Ki-67 staining for determination of rhesus macaque T cell proliferative responses ex vivo.

Autor: Shedlock DJ; Department of Pathology and Laboratory Medicine, University of Pennsylvania School of Medicine, Philadelphia, Pennsylvania 19104, USA., Talbott KT, Morrow MP, Ferraro B, Hokey DA, Muthumani K, Weiner DB
Jazyk: angličtina
Zdroj: Cytometry.

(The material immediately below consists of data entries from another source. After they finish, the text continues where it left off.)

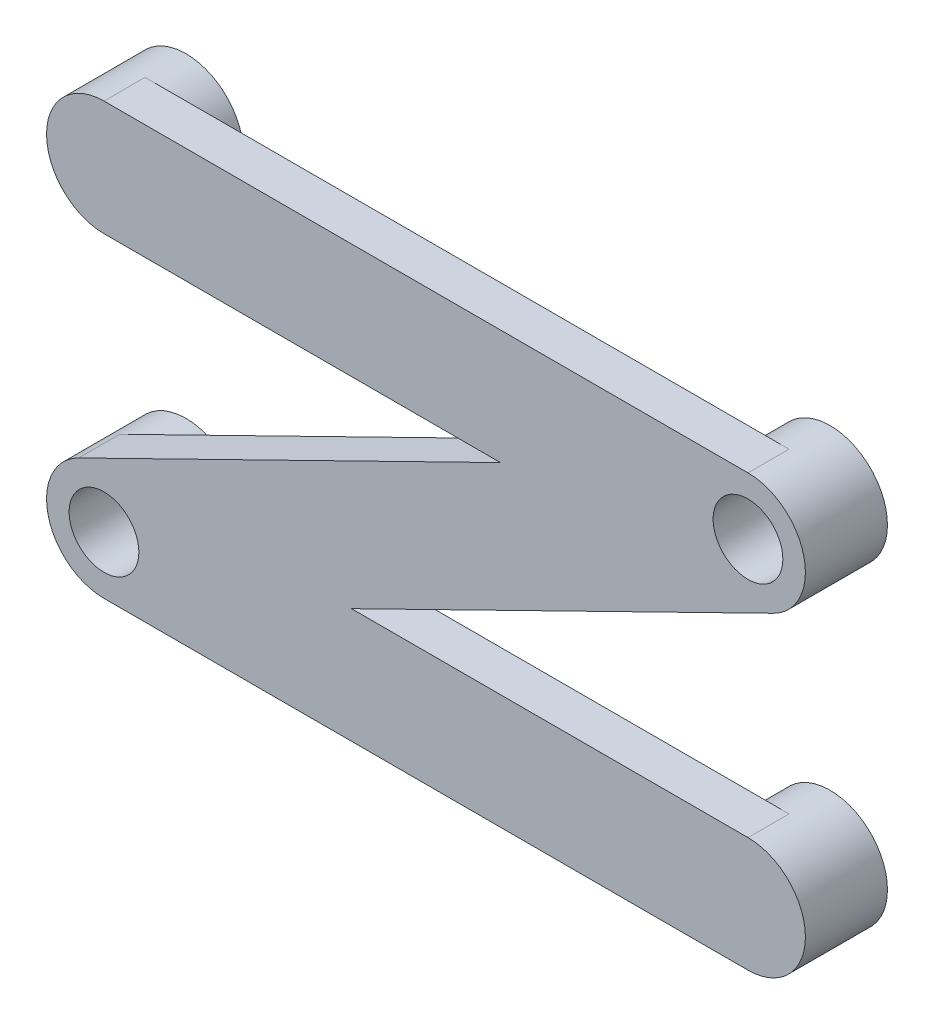
from build123d import *

# Parameters (mm, degrees)
EXTRUDE_1007_DEPTH = 2
SKETCH_1_5_R       = 2.8
SKETCH_1_5_R_2     = 1.7
EXTRUDE_1106_DEPTH = 4


with BuildPart() as part:
    # Эскиз1 → Extrude 1007 (new body)
    with BuildSketch(Plane.XY):
        with BuildLine():
            Line((15.7, 10.5), (-15.7, 10.5))
            ThreePointArc((-15.7, 10.5), (-13.720101013, 9.679898987), (-12.9, 7.7))
            ThreePointArc((-12.9, 7.7), (-13.720101013, 5.720101013), (-15.7, 4.9))
            Line((-15.7, 4.9), (3.632157719, 4.9))
            Line((3.632157719, 4.9), (-16.932946461, -5.186070203))
            ThreePointArc((-16.932946461, -5.186070203), (-14.218826494, -5.323842378), (-12.9, -7.7))
            ThreePointArc((-12.9, -7.7), (-13.720101013, -9.679898987), (-15.7, -10.5))
            Line((-15.7, -10.5), (15.7, -10.5))
            ThreePointArc((15.7, -10.5), (12.9, -7.7), (15.7, -4.9))
            Line((15.7, -4.9), (-3.632157719, -4.9))
            Line((-3.632157719, -4.9), (16.932946461, 5.186070203))
            ThreePointArc((16.932946461, 5.186070203), (12.972455002, 7.067150662), (15.7, 10.5))
        make_face()
    extrude(amount=-EXTRUDE_1007_DEPTH)

    # Эскиз1<5> → Extrude 1106 (add)
    # profile 1 of 4: a face of its own
    with BuildSketch(Plane.XY):
        with Locations((-15.7, 7.7)):
            Circle(SKETCH_1_5_R)
    # profile 2 of 4: a face of its own
    with BuildSketch(Plane.XY):
        with Locations((15.7, 7.7)):
            Circle(SKETCH_1_5_R)
        with Locations((15.7, 7.7)):
            Circle(SKETCH_1_5_R_2, mode=Mode.SUBTRACT)
    # profile 3 of 4: a face of its own
    with BuildSketch(Plane.XY):
        with Locations((-15.7, -7.7)):
            Circle(SKETCH_1_5_R)
        with Locations((-15.7, -7.7)):
            Circle(SKETCH_1_5_R_2, mode=Mode.SUBTRACT)
    # profile 4 of 4: a face of its own
    with BuildSketch(Plane.XY):
        with Locations((15.7, -7.7)):
            Circle(SKETCH_1_5_R)
    extrude(amount=-EXTRUDE_1106_DEPTH)


solid = part.part

Part A : the journal of the International Society for Analytical Cytology [Cytometry A] 2010 Mar; Vol. 77 (3), pp. 275-84.
DOI: 10.1002/cyto.a.20857
Abstrakt: The capacity for robust proliferation upon re-infection is a hallmark of adaptive immunity and the basis of vaccination. A widely used animal model for the study of human disease is the rhesus macaque (RM), where capacity for proliferation can be assessed ex vivo using carboxyfluorescein succinimidyl ester (CFSE)-based dilution assays. However, we show over the course of the standard ex vivo proliferation assay that CFSE-labeling at commonly used dye concentrations induces significant cell death, but that this phenomenon is dose-dependent. Here, we describe an alternative semiquantitative method for estimating T cell proliferative responses that avoids the putative biases associated with chemical modification. RM peripheral blood mononuclear cells were stimulated ex vivo with cognate peptides for 5 days, immunostained for intracellular Ki-67, and then analyzed by flow cytometry. We describe a gating strategy using Ki-67 and side light scatter, also a marker of blastogenesis, which correlates strongly with data from CFSE dilution. We show that this method is a valid tool for measuring RM antigen-specific cellular proliferation ex vivo and can be used as an alternative to CFSE dilution assays.
((c) 2010 International Society for Advancement of Cytometry.)